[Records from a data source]
──────────
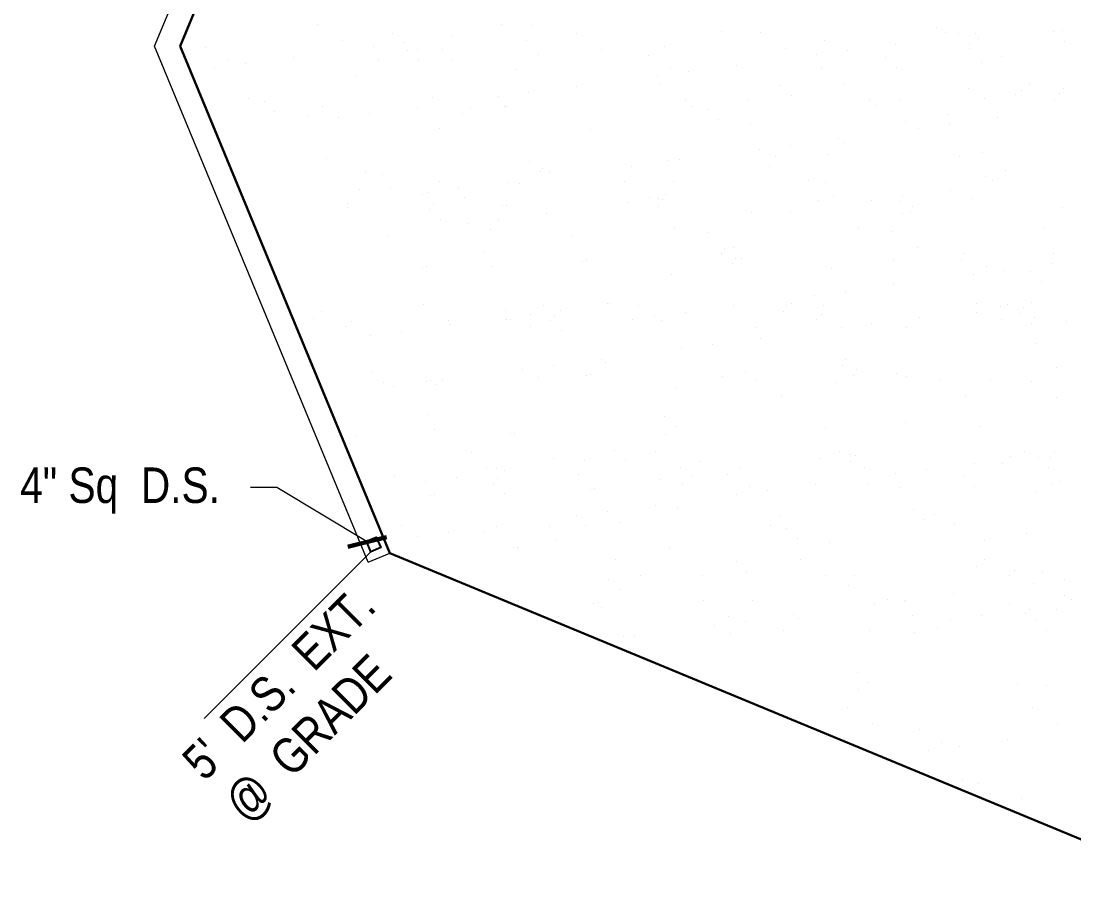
# Model space of a CAD drawing. Header units: inches. Extents: x 12249 to 15396, y 2989 to 4446.
# Drawn here: x 12248.9 to 12515.8, y 3943.2 to 4162 of the extents above; entities that cross this region are included whole.
import ezdxf

# ---------------------------------------------------------------- set-up
doc = ezdxf.new("R2010")
doc.units = ezdxf.units.IN
doc.header["$MEASUREMENT"] = 0
for name, color, linetype, lineweight in [('GUTTER', 7, 'Continuous', 15), ('ROOF LINE', 7, 'Continuous', 30), ('ROOFLINE', 7, 'Continuous', 30)]:
    doc.layers.add(name, color=color, linetype=linetype, lineweight=lineweight)
doc.layers.add('LLMASONRY', color=12, linetype='Continuous')
doc.styles.add('ARCHENT', font='technical.ttf', dxfattribs={"height": 6})
doc.styles.add('ARCHENTLTD', font='technical.ttf', dxfattribs={"height": 0.1875})
doc.dimstyles.new('ARCHENTLTD', dxfattribs={"dimscale": 0.05, "dimtxt": 0.1875, "dimasz": 3, "dimexe": 9, "dimexo": 1, "dimgap": 2.5, "dimtad": 0, "dimdec": 1, "dimzin": 1, "dimdsep": 46, "dimlunit": 4, "dimtxsty": 'ARCHENTLTD', "dimblk": 'ARCHTICK', "dimcen": 6, "dimclrd": 256, "dimclre": 256, "dimclrt": 256, "dimaunit": 1, "dimadec": 0, "dimazin": 0, "dimtfac": 1, "dimtdec": 1, "dimtofl": 0, "dimtmove": 1, "dimatfit": 3, "dimldrblk": 'ARCHTICK', "dimfxl": 1, "dimfrac": 2, "dimtolj": 1, "dimtzin": 0, "dimlwd": 9, "dimlwe": 9, "dimarcsym": 0})

# ---------------------------------------------------------------- blocks, each defined once
blk = doc.blocks.new('_ArchTick')
at = {"color": 0, "linetype": 'ByBlock', "const_width": 0.15}
blk.add_lwpolyline([(-0.5, -0.5), (0.5, 0.5)], dxfattribs=at)

msp = doc.modelspace()

# ---------------------------------------------------------------- linework, layer by layer
at = {"layer": 'GUTTER'}
for p, q in [((12282.74, 4155.67), (12379.88, 4390.02)), ((12336.89, 4024.85), (12282.74, 4155.67))]:
    msp.add_line(p, q, dxfattribs=at)
at = {"layer": 'GUTTER', "lineweight": 9}
msp.add_line((12336.89, 4024.85), (12342.43, 4027.14), dxfattribs=at)
at = {"layer": 'LLMASONRY', "color": 7, "linetype": 'Continuous', "lineweight": 25, "ltscale": 100}
msp.add_lwpolyline([(12336.44, 4030.15), (12338.97, 4031.2), (12340.08, 4028.5), (12337.55, 4027.45)], close=True, dxfattribs=at)
at = {"layer": 'ROOF LINE'}
for p, q in [((12289.23, 4155.67), (12384.47, 4385.43)), ((12342.43, 4027.14), (12289.23, 4155.67)), ((12544.88, 3943.24), (12342.43, 4027.14))]:
    msp.add_line(p, q, dxfattribs=at)
at = {"layer": 'ROOFLINE', "color": 7, "linetype": 'Continuous', "lineweight": 25, "ltscale": 100}
for p, q in [((12324.1, 4161.06), (12324.1, 4161.06)), ((12370.81, 4161.15), (12370.81, 4161.15)), ((12378.65, 4160.83), (12378.65, 4160.83)), ((12481.03, 4160.31), (12481.03, 4160.31)), ((12342.97, 4158.86), (12342.97, 4158.86)), ((12358.28, 4158.15), (12358.28, 4158.15)), ((12389.68, 4158.95), (12389.68, 4158.95)), ((12426.54, 4159.35), (12426.54, 4159.35)), ((12436.4, 4159.03), (12436.4, 4159.03)), ((12483.11, 4159.12), (12483.11, 4159.12)), ((12486.56, 4158.83), (12486.56, 4158.83)), ((12490.95, 4158.8), (12490.95, 4158.8)), ((12491.7, 4157.59), (12491.7, 4157.59)), ((12510.7, 4159.42), (12510.7, 4159.42)), ((12513, 4159.59), (12513, 4159.59)), ((12295.6, 4155.37), (12295.6, 4155.37)), ((12330.42, 4157.03), (12330.42, 4157.03)), ((12338.27, 4155.51), (12338.27, 4155.51)), ((12346.08, 4156.54), (12346.08, 4156.54)), ((12349.3, 4154.83), (12349.3, 4154.83)), ((12355.62, 4154.85), (12355.62, 4154.85)), ((12377.13, 4157.12), (12377.13, 4157.12)), ((12396.01, 4154.92), (12396.01, 4154.92)), ((12411.93, 4155.63), (12411.93, 4155.63)), ((12442.72, 4155), (12442.72, 4155)), ((12452.44, 4157.09), (12452.44, 4157.09)), ((12470.58, 4156.11), (12470.58, 4156.11)), ((12489.32, 4156.3), (12489.32, 4156.3)), ((12489.43, 4155.09), (12489.43, 4155.09)), ((12513.46, 4156.89), (12513.46, 4156.89)), ((12301.16, 4152.15), (12301.16, 4152.15)), ((12317.9, 4152.83), (12317.9, 4152.83)), ((12346.99, 4154.66), (12346.99, 4154.66)), ((12349.75, 4152.13), (12349.75, 4152.13)), ((12358.38, 4152.32), (12358.38, 4152.32)), ((12380.05, 4153.43), (12380.05, 4153.43)), ((12407.9, 4153.34), (12407.9, 4153.34)), ((12450.57, 4153.48), (12450.57, 4153.48)), ((12458.38, 4154.51), (12458.38, 4154.51)), ((12467.92, 4152.82), (12467.92, 4152.82)), ((12497.39, 4152.92), (12497.39, 4152.92)), ((12297.9, 4150.2), (12297.9, 4150.2)), ((12305.7, 4151.23), (12305.7, 4151.23)), ((12339.53, 4151.97), (12339.53, 4151.97)), ((12374.2, 4149.62), (12374.2, 4149.62)), ((12413.46, 4150.12), (12413.46, 4150.12)), ((12430.2, 4150.8), (12430.2, 4150.8)), ((12451.83, 4149.94), (12451.83, 4149.94)), ((12470.68, 4150.29), (12470.68, 4150.29)), ((12492.35, 4151.4), (12492.35, 4151.4)), ((12333.69, 4148.16), (12333.69, 4148.16)), ((12410.2, 4148.17), (12410.2, 4148.17)), ((12418.01, 4149.19), (12418.01, 4149.19)), ((12389.82, 4145.48), (12389.82, 4145.48)), ((12410.99, 4146.09), (12410.99, 4146.09)), ((12441.47, 4145.66), (12441.47, 4145.66)), ((12457.7, 4146.17), (12457.7, 4146.17)), ((12489.06, 4145), (12489.06, 4145)), ((12502.37, 4144.34), (12502.37, 4144.34)), ((12504.41, 4146.26), (12504.41, 4146.26)), ((12513.15, 4144.93), (12513.15, 4144.93)), ((12306.48, 4142.44), (12306.48, 4142.44)), ((12310.53, 4141.69), (12310.53, 4141.69)), ((12353.19, 4142.53), (12353.19, 4142.53)), ((12369.82, 4142.85), (12369.82, 4142.85)), ((12377.63, 4143.88), (12377.63, 4143.88)), ((12417.31, 4142.06), (12417.31, 4142.06)), ((12433.1, 4142.25), (12433.1, 4142.25)), ((12444.23, 4143.13), (12444.23, 4143.13)), ((12464.03, 4142.14), (12464.03, 4142.14)), ((12471.47, 4142.06), (12471.47, 4142.06)), ((12493.15, 4142.29), (12493.15, 4142.29)), ((12500.96, 4143.32), (12500.96, 4143.32)), ((12510.74, 4142.23), (12510.74, 4142.23)), ((12511.99, 4143.52), (12511.99, 4143.52)), ((12313.29, 4139.16), (12313.29, 4139.16)), ((12325.36, 4140.24), (12325.36, 4140.24)), ((12349.45, 4140.17), (12349.45, 4140.17)), ((12362.8, 4140.17), (12362.8, 4140.17)), ((12371.43, 4140.36), (12371.43, 4140.36)), ((12372.07, 4140.32), (12372.07, 4140.32)), ((12418.78, 4140.41), (12418.78, 4140.41)), ((12422.83, 4139.66), (12422.83, 4139.66)), ((12465.49, 4140.49), (12465.49, 4140.49)), ((12321.45, 4138.09), (12321.45, 4138.09)), ((12329.44, 4137.53), (12329.44, 4137.53)), ((12337.25, 4138.56), (12337.25, 4138.56)), ((12360.71, 4138.59), (12360.71, 4138.59)), ((12425.59, 4137.12), (12425.59, 4137.12)), ((12473.01, 4136.56), (12473.01, 4136.56)), ((12483.73, 4138.33), (12483.73, 4138.33)), ((12496.5, 4137.48), (12496.5, 4137.48)), ((12354.86, 4134.78), (12354.86, 4134.78)), ((12393.23, 4134.6), (12393.23, 4134.6)), ((12433.75, 4136.06), (12433.75, 4136.06)), ((12476.5, 4134.85), (12476.5, 4134.85)), ((12484.31, 4135.87), (12484.31, 4135.87)), ((12456.12, 4132.16), (12456.12, 4132.16)), ((12457.28, 4131.17), (12457.28, 4131.17)), ((12436.12, 4129.53), (12436.12, 4129.53)), ((12443.93, 4130.56), (12443.93, 4130.56)), ((12453.38, 4128.19), (12453.38, 4128.19)), ((12492.65, 4128.69), (12492.65, 4128.69)), ((12326.34, 4127.2), (12326.34, 4127.2)), ((12377.73, 4126.49), (12377.73, 4126.49)), ((12412.87, 4126.73), (12412.87, 4126.73)), ((12415.75, 4126.85), (12415.75, 4126.85)), ((12440.08, 4127.55), (12440.08, 4127.55)), ((12486.8, 4127.63), (12486.8, 4127.63)), ((12336.21, 4123.5), (12336.21, 4123.5)), ((12340.48, 4123.07), (12340.48, 4123.07)), ((12380.5, 4123.96), (12380.5, 4123.96)), ((12380.99, 4124.53), (12380.99, 4124.53)), ((12382.92, 4123.59), (12382.92, 4123.59)), ((12403.55, 4125.24), (12403.55, 4125.24)), ((12438.64, 4125.16), (12438.64, 4125.16)), ((12498.34, 4124.02), (12498.34, 4124.02)), ((12355.09, 4121.3), (12355.09, 4121.3)), ((12372.11, 4121.13), (12372.11, 4121.13)), ((12375.14, 4120.72), (12375.14, 4120.72)), ((12401.8, 4121.38), (12401.8, 4121.38)), ((12414.41, 4121.22), (12414.41, 4121.22)), ((12448.51, 4121.47), (12448.51, 4121.47)), ((12452.78, 4121.03), (12452.78, 4121.03)), ((12493.29, 4122.49), (12493.29, 4122.49)), ((12495.22, 4121.55), (12495.22, 4121.55)), ((12334.63, 4119.26), (12334.63, 4119.26)), ((12342.54, 4119.47), (12342.54, 4119.47)), ((12350.61, 4117.99), (12350.61, 4117.99)), ((12352.1, 4118.5), (12352.1, 4118.5)), ((12359.91, 4119.52), (12359.91, 4119.52)), ((12412.19, 4118.01), (12412.19, 4118.01)), ((12454.84, 4117.44), (12454.84, 4117.44)), ((12472.21, 4117.49), (12472.21, 4117.49)), ((12472.21, 4117.49), (12472.21, 4117.49)), ((12484.41, 4119.1), (12484.41, 4119.1)), ((12331.73, 4115.81), (12331.73, 4115.81)), ((12353.37, 4115.45), (12353.37, 4115.45)), ((12361.41, 4117.27), (12361.41, 4117.27)), ((12371, 4115.15), (12371, 4115.15)), ((12372.04, 4115.3), (12372.04, 4115.3)), ((12402.55, 4116.01), (12402.55, 4116.01)), ((12408.12, 4117.35), (12408.12, 4117.35)), ((12410.36, 4117.04), (12410.36, 4117.04)), ((12410.41, 4115.12), (12410.41, 4115.12)), ((12411.51, 4116.66), (12411.51, 4116.66)), ((12450.92, 4116.58), (12450.92, 4116.58)), ((12464.4, 4116.46), (12464.4, 4116.46)), ((12471.53, 4116.14), (12471.53, 4116.14)), ((12474.98, 4114.96), (12474.98, 4114.96)), ((12490.19, 4117.08), (12490.19, 4117.08)), ((12331.73, 4114.65), (12331.73, 4114.65)), ((12352.34, 4114.22), (12352.34, 4114.22)), ((12382.18, 4113.33), (12382.18, 4113.33)), ((12434.05, 4113.35), (12434.05, 4113.35)), ((12444.03, 4113.78), (12444.03, 4113.78)), ((12472.42, 4113.16), (12472.42, 4113.16)), ((12474.3, 4113.61), (12474.3, 4113.61)), ((12512.93, 4114.62), (12512.93, 4114.62)), ((12355.11, 4111.69), (12355.11, 4111.69)), ((12362.17, 4110.7), (12362.17, 4110.7)), ((12369.98, 4111.72), (12369.98, 4111.72)), ((12461.28, 4109.43), (12461.28, 4109.43)), ((12507.99, 4109.52), (12507.99, 4109.52)), ((12342.09, 4107.51), (12342.09, 4107.51)), ((12367.85, 4109.26), (12367.85, 4109.26)), ((12388.8, 4107.59), (12388.8, 4107.59)), ((12414.57, 4109.35), (12414.57, 4109.35)), ((12423.1, 4108.53), (12423.1, 4108.53)), ((12469.81, 4108.61), (12469.81, 4108.61)), ((12427.12, 4104.33), (12427.12, 4104.33)), ((12429.43, 4104.5), (12429.43, 4104.5)), ((12476.14, 4104.58), (12476.14, 4104.58)), ((12366.42, 4103.5), (12366.42, 4103.5)), ((12426.44, 4102.98), (12426.44, 4102.98)), ((12429.88, 4101.79), (12429.88, 4101.79)), ((12431.59, 4101.74), (12431.59, 4101.74)), ((12469.96, 4101.55), (12469.96, 4101.55)), ((12487.35, 4101.65), (12487.35, 4101.65)), ((12488.03, 4103), (12488.03, 4103)), ((12510.47, 4103.01), (12510.47, 4103.01)), ((12350.77, 4099.63), (12350.77, 4099.63)), ((12351.81, 4099.78), (12351.81, 4099.78)), ((12368.16, 4099.73), (12368.16, 4099.73)), ((12391.28, 4101.09), (12391.28, 4101.09)), ((12392.32, 4101.24), (12392.32, 4101.24)), ((12429.21, 4100.45), (12429.21, 4100.45)), ((12454.33, 4099.28), (12454.33, 4099.28)), ((12493.59, 4099.78), (12493.59, 4099.78)), ((12498.13, 4098.86), (12498.13, 4098.86)), ((12510.33, 4100.46), (12510.33, 4100.46)), ((12413.82, 4097.82), (12413.82, 4097.82)), ((12490.33, 4097.83), (12490.33, 4097.83)), ((12504.75, 4098.41), (12504.75, 4098.41)), ((12457.76, 4093.54), (12457.76, 4093.54)), ((12469.95, 4095.15), (12469.95, 4095.15)), ((12507.51, 4095.87), (12507.51, 4095.87)), ((12449.95, 4092.51), (12449.95, 4092.51)), ((12325.1, 4088.48), (12325.1, 4088.48)), ((12350.87, 4090.24), (12350.87, 4090.24)), ((12371.82, 4088.57), (12371.82, 4088.57)), ((12381.35, 4089.81), (12381.35, 4089.81)), ((12385.75, 4088.73), (12385.75, 4088.73)), ((12397.58, 4090.32), (12397.58, 4090.32)), ((12397.95, 4090.34), (12397.95, 4090.34)), ((12405.49, 4089.9), (12405.49, 4089.9)), ((12417.38, 4088.23), (12417.38, 4088.23)), ((12429.58, 4089.83), (12429.58, 4089.83)), ((12442.26, 4088.49), (12442.26, 4088.49)), ((12442.93, 4089.84), (12442.93, 4089.84)), ((12444.3, 4090.41), (12444.3, 4090.41)), ((12452.2, 4089.99), (12452.2, 4089.99)), ((12491.01, 4090.49), (12491.01, 4090.49)), ((12491.13, 4088.18), (12491.13, 4088.18)), ((12497.13, 4089.63), (12497.13, 4089.63)), ((12498.91, 4090.07), (12498.91, 4090.07)), ((12502.96, 4089.32), (12502.96, 4089.32)), ((12504.94, 4090.66), (12504.94, 4090.66)), ((12323.07, 4086.56), (12323.07, 4086.56)), ((12332.68, 4085.75), (12332.68, 4085.75)), ((12357.2, 4086.21), (12357.2, 4086.21)), ((12371.94, 4086.25), (12371.94, 4086.25)), ((12372.98, 4086.4), (12372.98, 4086.4)), ((12377.94, 4087.7), (12377.94, 4087.7)), ((12383.09, 4086.05), (12383.09, 4086.05)), ((12384.12, 4087.28), (12384.12, 4087.28)), ((12403.91, 4086.29), (12403.91, 4086.29)), ((12409.57, 4087.2), (12409.57, 4087.2)), ((12411.36, 4086.22), (12411.36, 4086.22)), ((12450.62, 4086.38), (12450.62, 4086.38)), ((12451.87, 4087.67), (12451.87, 4087.67)), ((12476.76, 4086.94), (12476.76, 4086.94)), ((12497.33, 4086.46), (12497.33, 4086.46)), ((12502.28, 4087.97), (12502.28, 4087.97)), ((12505.04, 4085.44), (12505.04, 4085.44)), ((12505.72, 4086.79), (12505.72, 4086.79)), ((12513.88, 4085.72), (12513.88, 4085.72)), ((12331.43, 4084.45), (12331.43, 4084.45)), ((12345.37, 4083.42), (12345.37, 4083.42)), ((12357.57, 4085.02), (12357.57, 4085.02)), ((12378.14, 4084.54), (12378.14, 4084.54)), ((12385.85, 4083.52), (12385.85, 4083.52)), ((12434.99, 4084.44), (12434.99, 4084.44)), ((12456.76, 4084.31), (12456.76, 4084.31)), ((12464.57, 4085.34), (12464.57, 4085.34)), ((12473.36, 4084.26), (12473.36, 4084.26)), ((12337.57, 4082.39), (12337.57, 4082.39)), ((12436.38, 4081.63), (12436.38, 4081.63)), ((12505.95, 4080.2), (12505.95, 4080.2)), ((12416.38, 4079), (12416.38, 4079)), ((12424.19, 4080.02), (12424.19, 4080.02)), ((12396.01, 4076.31), (12396.01, 4076.31)), ((12397.17, 4075.32), (12397.17, 4075.32)), ((12457.19, 4074.81), (12457.19, 4074.81)), ((12457.86, 4076.16), (12457.86, 4076.16)), ((12338, 4072.88), (12338, 4072.88)), ((12376, 4073.68), (12376, 4073.68)), ((12383.81, 4074.71), (12383.81, 4074.71)), ((12392.22, 4072.19), (12392.22, 4072.19)), ((12393.27, 4072.34), (12393.27, 4072.34)), ((12432.53, 4072.84), (12432.53, 4072.84)), ((12459.95, 4072.27), (12459.95, 4072.27)), ((12460.63, 4073.62), (12460.63, 4073.62)), ((12470.9, 4072.65), (12470.9, 4072.65)), ((12511.42, 4074.11), (12511.42, 4074.11)), ((12340.76, 4070.35), (12340.76, 4070.35)), ((12351.71, 4070.73), (12351.71, 4070.73)), ((12352.75, 4070.88), (12352.75, 4070.88)), ((12354.2, 4069.95), (12354.2, 4069.95)), ((12355.63, 4071), (12355.63, 4071)), ((12379.97, 4071.7), (12379.97, 4071.7)), ((12426.68, 4071.79), (12426.68, 4071.79)), ((12435.22, 4070.96), (12435.22, 4070.96)), ((12455.27, 4070.38), (12455.27, 4070.38)), ((12473.39, 4071.87), (12473.39, 4071.87)), ((12481.93, 4071.05), (12481.93, 4071.05)), ((12494.54, 4070.88), (12494.54, 4070.88)), ((12505.01, 4070.66), (12505.01, 4070.66)), ((12343.44, 4069.39), (12343.44, 4069.39)), ((12414.76, 4068.92), (12414.76, 4068.92)), ((12441.54, 4066.93), (12441.54, 4066.93)), ((12488.25, 4067.02), (12488.25, 4067.02)), ((12511.34, 4066.63), (12511.34, 4066.63)), ((12352.07, 4062.16), (12352.07, 4062.16)), ((12412.1, 4061.64), (12412.1, 4061.64)), ((12414.86, 4059.11), (12414.86, 4059.11)), ((12452.81, 4058.77), (12452.81, 4058.77)), ((12473, 4060.32), (12473, 4060.32)), ((12492.08, 4059.27), (12492.08, 4059.27)), ((12333.62, 4056.85), (12333.62, 4056.85)), ((12353.81, 4058.39), (12353.81, 4058.39)), ((12372.89, 4057.35), (12372.89, 4057.35)), ((12373.93, 4057.5), (12373.93, 4057.5)), ((12412.3, 4057.31), (12412.3, 4057.31)), ((12362.99, 4052.68), (12362.99, 4052.68)), ((12383.93, 4051.01), (12383.93, 4051.01)), ((12399.38, 4053.13), (12399.38, 4053.13)), ((12409.7, 4052.76), (12409.7, 4052.76)), ((12451.33, 4051.15), (12451.33, 4051.15)), ((12456.41, 4052.85), (12456.41, 4052.85)), ((12459.14, 4052.18), (12459.14, 4052.18)), ((12460.29, 4051.8), (12460.29, 4051.8)), ((12499.7, 4051.72), (12499.7, 4051.72)), ((12503.12, 4052.93), (12503.12, 4052.93)), ((12506.9, 4051.3), (12506.9, 4051.3)), ((12509.77, 4051.42), (12509.77, 4051.42)), ((12510.96, 4052.61), (12510.96, 4052.61)), ((12367, 4048.48), (12367, 4048.48)), ((12369.31, 4048.65), (12369.31, 4048.65)), ((12391.77, 4050.69), (12391.77, 4050.69)), ((12402.15, 4050.59), (12402.15, 4050.59)), ((12416.02, 4048.73), (12416.02, 4048.73)), ((12420.82, 4050.44), (12420.82, 4050.44)), ((12430.95, 4048.47), (12430.95, 4048.47)), ((12459.19, 4050.26), (12459.19, 4050.26)), ((12462.74, 4048.82), (12462.74, 4048.82)), ((12478.4, 4048.32), (12478.4, 4048.32)), ((12490.59, 4049.93), (12490.59, 4049.93)), ((12497.58, 4049.81), (12497.58, 4049.81)), ((12509.45, 4048.9), (12509.45, 4048.9)), ((12343.54, 4046.89), (12343.54, 4046.89)), ((12359.2, 4046.4), (12359.2, 4046.4)), ((12369.77, 4045.94), (12369.77, 4045.94)), ((12371.4, 4048), (12371.4, 4048)), ((12390.26, 4046.98), (12390.26, 4046.98)), ((12410.95, 4045.84), (12410.95, 4045.84)), ((12418.76, 4046.86), (12418.76, 4046.86)), ((12427.91, 4047.15), (12427.91, 4047.15)), ((12470.59, 4047.3), (12470.59, 4047.3)), ((12487.93, 4046.64), (12487.93, 4046.64)), ((12351.4, 4045.37), (12351.4, 4045.37)), ((12368.74, 4044.71), (12368.74, 4044.71)), ((12393.17, 4043.29), (12393.17, 4043.29)), ((12394.21, 4043.43), (12394.21, 4043.43)), ((12416.63, 4044.4), (12416.63, 4044.4)), ((12433.48, 4043.93), (12433.48, 4043.93)), ((12438.02, 4043.01), (12438.02, 4043.01)), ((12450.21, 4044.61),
──────────
▸ Aim of the task: Out of the entries, pull every line that mentions "blocks".

▸ Expected answer:
# ---------------------------------------------------------------- blocks, each defined once
blk = doc.blocks.new('_ArchTick')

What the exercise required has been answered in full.